EDIT: Just got some time back. Let $y_1=r\cos\phi$ and $y_2=r\sin\phi$. Then $y_1^2+y_2^2=r^2$ and $y1\cos\theta+y_2\sin\theta=r\cos(\theta-\phi)$ and $$\begin{align}\frac1{2\pi}\int_0^{2\pi}\frac{1-y_1\cos\theta-y_2\sin\theta}{1-2y_1\cos\theta-y_2\sin\theta+y_1^2+y_2^2}d\theta&=\frac1{2\pi}\int_0^{2\pi}\frac{1-r\cos(\theta-\phi)}{1-2r\cos(\theta-\phi)+r^2}d\theta\\ &=\frac1{2\pi}\int_0^{2\pi}\frac{1-r\cos\nu}{1+2r\cos\nu+r^2}d\nu\\ &=\frac1{2\pi}\int_0^{2\pi}\left(\frac12+\frac{\frac12(1-r^2)}{1+2r\cos\nu+r^2}\right)d\nu\\ &=\frac12+\frac1{2\pi}\frac{(1-r^2)}{2(1+r^2)}\int_0^{2\pi}\frac{d\nu}{1+e\cos\nu}\end{align}$$ Where we have used the substitutions $\nu=\theta-\phi-\pi$ and $e=\frac{2r}{1+r^2}$ and used the periodicity of the integrand to remap its limits.

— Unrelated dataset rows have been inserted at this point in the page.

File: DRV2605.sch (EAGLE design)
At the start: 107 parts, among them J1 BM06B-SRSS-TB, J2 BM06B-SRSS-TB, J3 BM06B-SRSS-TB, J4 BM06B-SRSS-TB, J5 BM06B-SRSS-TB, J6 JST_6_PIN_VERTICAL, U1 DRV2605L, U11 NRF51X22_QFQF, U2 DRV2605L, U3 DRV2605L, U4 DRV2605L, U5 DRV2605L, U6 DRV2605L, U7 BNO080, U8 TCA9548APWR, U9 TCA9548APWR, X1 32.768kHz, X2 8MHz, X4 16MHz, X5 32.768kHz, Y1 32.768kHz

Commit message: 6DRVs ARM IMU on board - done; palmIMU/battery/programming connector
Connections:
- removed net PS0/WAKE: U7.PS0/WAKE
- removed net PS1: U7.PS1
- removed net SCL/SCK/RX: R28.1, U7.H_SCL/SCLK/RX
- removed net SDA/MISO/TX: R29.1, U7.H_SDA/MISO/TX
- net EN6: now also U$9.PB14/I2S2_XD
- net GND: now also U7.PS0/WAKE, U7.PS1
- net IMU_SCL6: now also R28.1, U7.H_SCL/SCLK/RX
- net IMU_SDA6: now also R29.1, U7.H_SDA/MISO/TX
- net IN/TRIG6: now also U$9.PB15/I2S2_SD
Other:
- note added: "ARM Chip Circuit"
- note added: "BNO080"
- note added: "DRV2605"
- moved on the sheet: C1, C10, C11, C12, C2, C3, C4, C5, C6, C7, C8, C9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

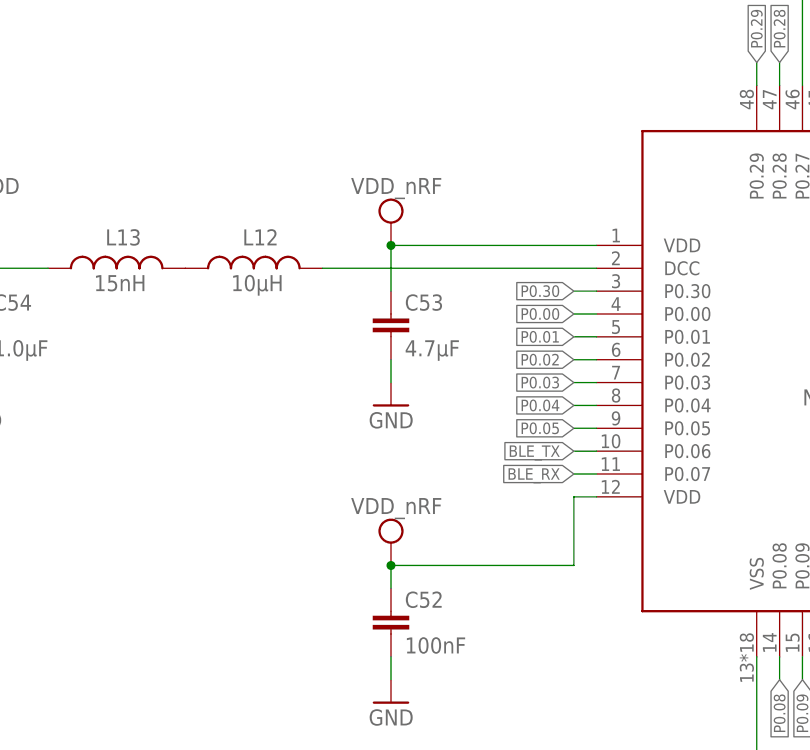
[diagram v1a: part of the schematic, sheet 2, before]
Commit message: glove connector;programming pins;NRF antenna left
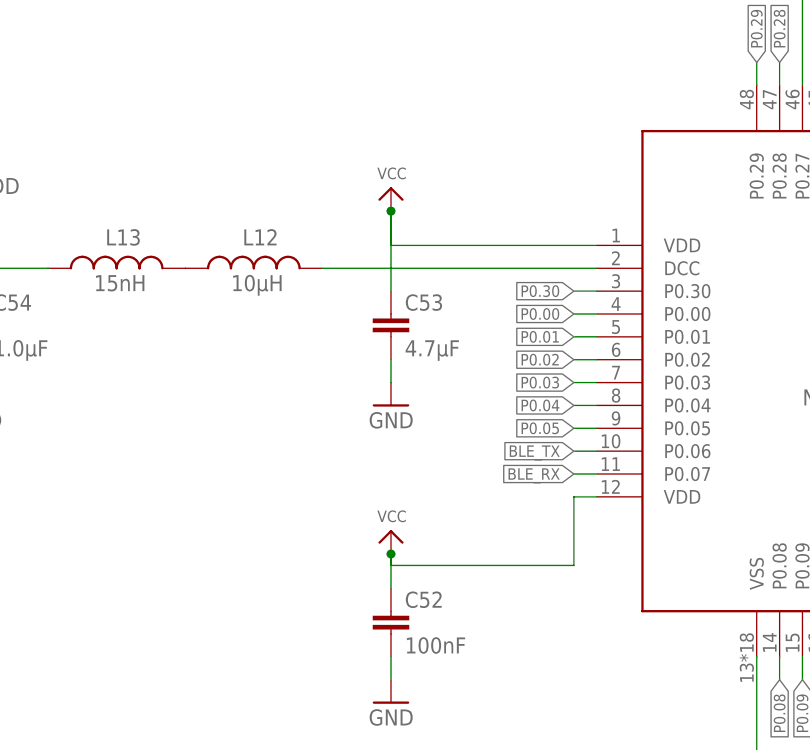
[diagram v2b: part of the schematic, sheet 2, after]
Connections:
- removed net 3.3V: C13.1, C32.1, R13.2, R14.2, R24.2, R26.2, R27.2, R28.2, R29.2, U7.VDD, U7.VDDIO
- removed net VDD_NRF: C52.1, C53.1, U11.VDD@01, U11.VDD@12
- net VCC: now also C13.1, C32.1, C52.1, C53.1, R13.2, R14.2, R24.2, R26.2, R27.2, R28.2, R29.2, U11.VDD@01, U11.VDD@12, U7.VDD, U7.VDDIO

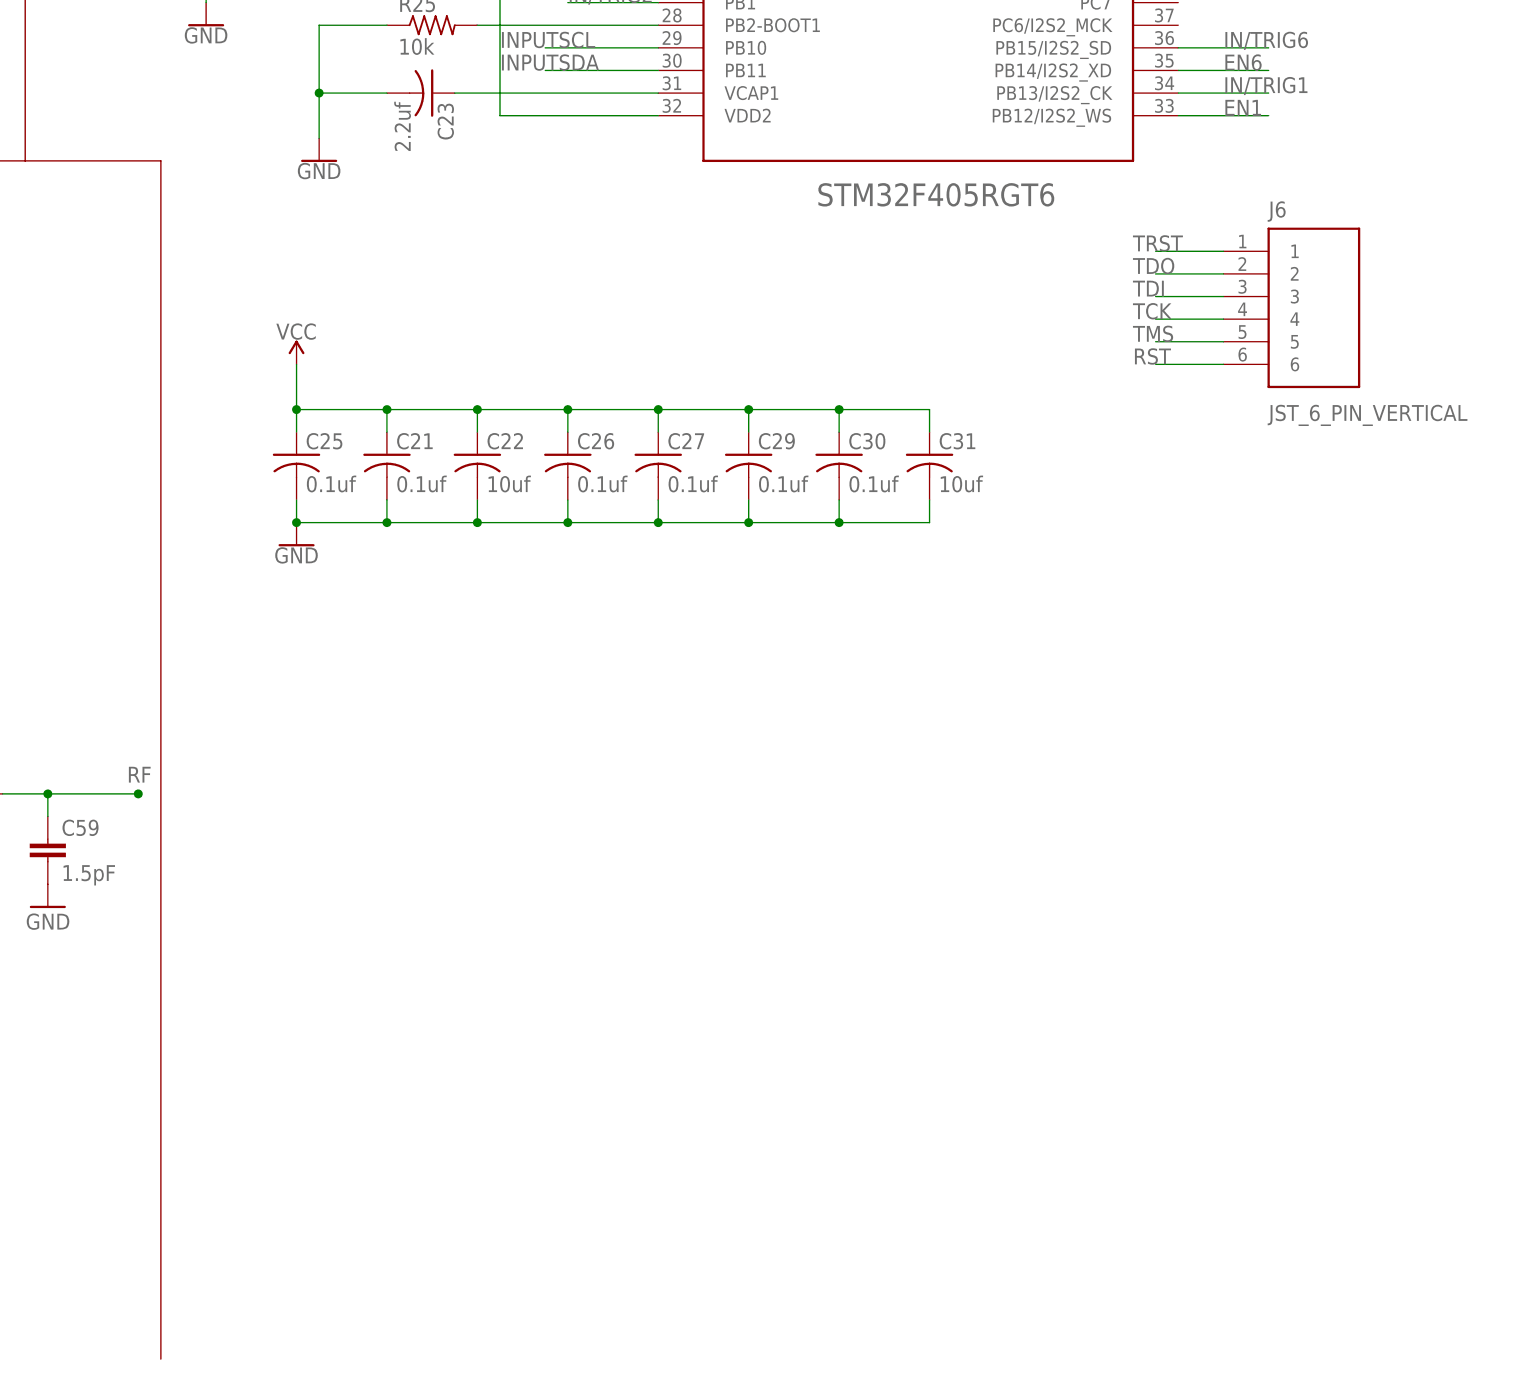
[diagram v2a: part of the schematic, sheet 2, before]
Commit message: glove connector;programming pins;NRF antenna
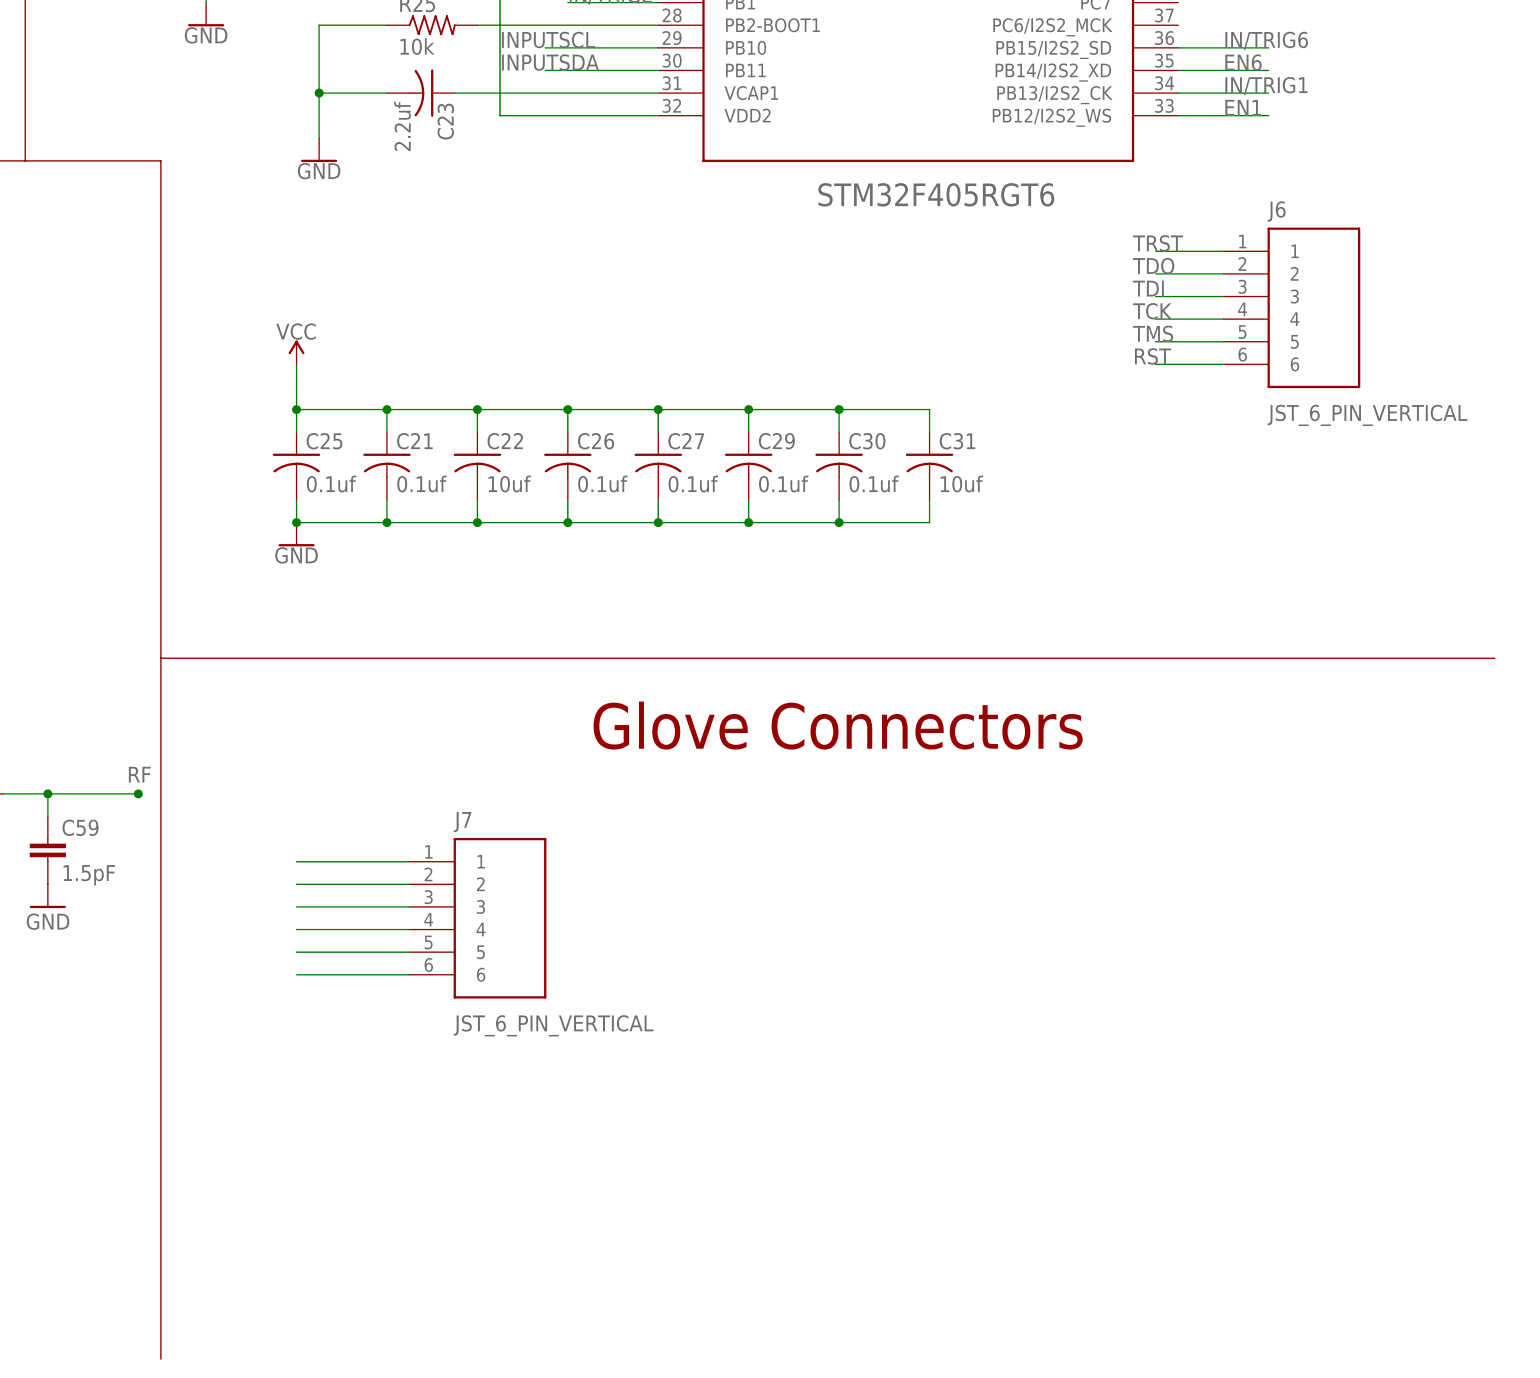
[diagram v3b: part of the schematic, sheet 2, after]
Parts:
- J7: value (none) -> JST_6_PIN_VERTICAL; device SparkFun-Connectors:CONN_04SMD2 -> SparkFun-Connectors:JST_6_PIN_VERTICAL
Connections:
- new net N$15: J7.1
- new net N$17: J7.2
- new net N$18: J7.3
- new net N$20: J7.4
- new net N$21: J7.5
- new net N$22: J7.6
- net +OUT6: no longer J7.3
- net -OUT6: no longer J7.4
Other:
- note added: "Glove Connectors"
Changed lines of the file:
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@@
 <part name="J4" library="SparkFun-Connectors" deviceset="JST_6_PIN_HORIZONTAL" device="" value="BM06B-SRSS-TB"/>
 <part name="J5" library="SparkFun-Connectors" deviceset="JST_6_PIN_HORIZONTAL" device="" value="BM06B-SRSS-TB"/>
-<part name="J7" library="SparkFun-Connectors" library_urn="urn:adsk.eagle:library:513" deviceset="CONN_04" device="SMD2" package3d_urn="urn:adsk.eagle:package:38096/1"/>
 <part name="U8" library="microbuilder" deviceset="TCA9548A" device="" value=" TCA9548APWR"/>
 <part name="R15" library="rcl" library_urn="urn:adsk.eagle:library:334" deviceset="R-US_" device="R0402" package3d_urn="urn:adsk.eagle:package:23547/2" value="10K"/>
@@
 <part name="P+11" library="microbuilder" deviceset="VCC" device=""/>
 <part name="P+12" library="microbuilder" deviceset="VCC" device=""/>
+<part name="J7" library="SparkFun-Connectors" library_urn="urn:adsk.eagle:library:513" deviceset="JST_6_PIN_VERTICAL" device="" package3d_urn="urn:adsk.eagle:package:38270/1"/>
 </parts>
 <sheets>
@@
 <instance part="J4" gate="A" x="142.24" y="30.48" rot="R180"/>
 <instance part="J5" gate="A" x="331.47" y="220.98" rot="R180"/>
-<instance part="J7" gate="G$1" x="331.47" y="157.48" rot="R180"/>
 <instance part="SUPPLY19" gate="G$1" x="317.5" y="64.77"/>
 <instance part="GND13" gate="1" x="317.5" y="49.53"/>
@@
 <label x="284.48" y="157.48" size="1.778" layer="95"/>
 </segment>
-<segment>
-<pinref part="J7" gate="G$1" pin="4"/>
-<wire x1="326.39" y1="152.4" x2="318.77" y2="152.4" width="0.1524" layer="91"/>
-<wire x1="318.77" y1="152.4" x2="317.5" y2="152.4" width="0.1524" layer="91"/>
-<label x="316.23" y="152.4" size="1.778" layer="95"/>
-</segment>
 </net>
 <net name="+OUT6" class="0">
@@
 <wire x1="279.4" y1="152.4" x2="287.02" y2="152.4" width="0.1524" layer="91"/>
 <label x="284.48" y="152.4" size="1.778" layer="95"/>
-</segment>
-<segment>
-<pinref part="J7" gate="G$1" pin="3"/>
-<wire x1="326.39" y1="154.94" x2="317.5" y2="154.94" width="0.1524" layer="91"/>
-<label x="317.5" y="154.94" size="1.778" layer="95"/>
 </segment>
 </net>
@@
 <wire x1="218.44" y1="137.16" x2="218.44" y2="256.54" width="0.1524" layer="94"/>
 <wire x1="218.44" y1="137.16" x2="233.68" y2="137.16" width="0.1524" layer="94"/>
-<wire x1="233.68" y1="137.16" x2="233.68" y2="2.54" width="0.1524" layer="94"/>
+<wire x1="233.68" y1="137.16" x2="233.68" y2="81.28" width="0.1524" layer="94"/>
 <text x="78.74" y="243.84" size="5.08" layer="94">TCA Chip Circuit</text>
+<wire x1="233.68" y1="81.28" x2="233.68" y2="2.54" width="0.1524" layer="94"/>
 <wire x1="45.72" y1="134.62" x2="45.72" y2="96.52" width="0.254" layer="97"/>
 <wire x1="45.72" y1="96.52" x2="91.44" y2="96.52" width="0.254" layer="97"/>
@@
 <text x="360.68" y="251.46" size="1.778" layer="94">Boot from flash</text>
 <text x="287.02" y="246.38" size="5.08" layer="94">ARM Chip Circuit</text>
+<wire x1="233.68" y1="81.28" x2="383.54" y2="81.28" width="0.1524" layer="94"/>
+<text x="281.94" y="71.12" size="5.08" layer="94">Glove Connectors</text>
 </plain>
 <instances>
@@
 <instance part="P+11" gate="VCC" x="55.88" y="74.93"/>
 <instance part="P+12" gate="VCC" x="55.88" y="36.83"/>
+<instance part="J7" gate="G$1" x="274.32" y="53.34"/>
 </instances>
 <busses>
@@
 </segment>
 </net>
+<net name="N$15" class="0">
+<segment>
+<pinref part="J7" gate="G$1" pin="1"/>
+<wire x1="261.62" y1="58.42" x2="248.92" y2="58.42" width="0.1524" layer="91"/>
+</segment>
+</net>
+<net name="N$17" class="0">
+<segment>
+<pinref part="J7" gate="G$1" pin="2"/>
+<wire x1="261.62" y1="55.88" x2="248.92" y2="55.88" width="0.1524" layer="91"/>
+</segment>
+</net>
+<net name="N$18" class="0">
+<segment>
+<pinref part="J7" gate="G$1" pin="3"/>
+<wire x1="261.62" y1="53.34" x2="248.92" y2="53.34" width="0.1524" layer="91"/>
+</segment>
+</net>
+<net name="N$20" class="0">
+<segment>
+<pinref part="J7" gate="G$1" pin="4"/>
+<wire x1="261.62" y1="50.8" x2="248.92" y2="50.8" width="0.1524" layer="91"/>
+</segment>
+</net>
+<net name="N$21" class="0">
+<segment>
+<pinref part="J7" gate="G$1" pin="5"/>
+<wire x1="261.62" y1="48.26" x2="248.92" y2="48.26" width="0.1524" layer="91"/>
+</segment>
+</net>
+<net name="N$22" class="0">
+<segment>
+<pinref part="J7" gate="G$1" pin="6"/>
+<wire x1="261.62" y1="45.72" x2="248.92" y2="45.72" width="0.1524" layer="91"/>
+</segment>
+</net>

Now we have showed that $$\begin{align}\int_0^{2\pi}\frac{d\nu}{1+e\cos\nu}&=\int_0^{2\pi}\frac{dE}{\sqrt{1-e^2}}=\left.\frac E{\sqrt{1-e^2}}\right|_0^{2\pi}\\&=\frac{2\pi}{\sqrt{1-e^2}}=\frac{2\pi}{\sqrt{1-\left(\frac{2r}{1+r^2}\right)^2}}=\frac{2\pi(1+r^2)}{1-r^2}\end{align}$$ Where $$\sin E=\frac{\sqrt{1-e^2}\sin\nu}{1+e\cos\nu}$$ is the eccentric anomaly. So that shows that in fact $$\frac1{2\pi}\int_0^{2\pi}\frac{1-y_1\cos\theta-y_2\sin\theta}{1-2y_1\cos\theta-y_2\sin\theta+y_1^2+y_2^2}d\theta=1$$ Since $\nabla_x^2G(\vec x,\vec y)=0$ for $\vec x\ne\vec y$ and $$\int\int_{||\vec x||<1}\nabla_x^2G(\vec x,\vec y)d^2\vec x=1$$ it follows that $\nabla_x^2G(\vec x,\vec y)=\delta^2(\vec x,\vec y)$. Since we also showed that the normal derivative of $G(\vec x,\vec y)$ is $\frac1{2\pi}$ at the boundary of the unit disk, I think that should do it. But shouldn't the normal derivative be $0$?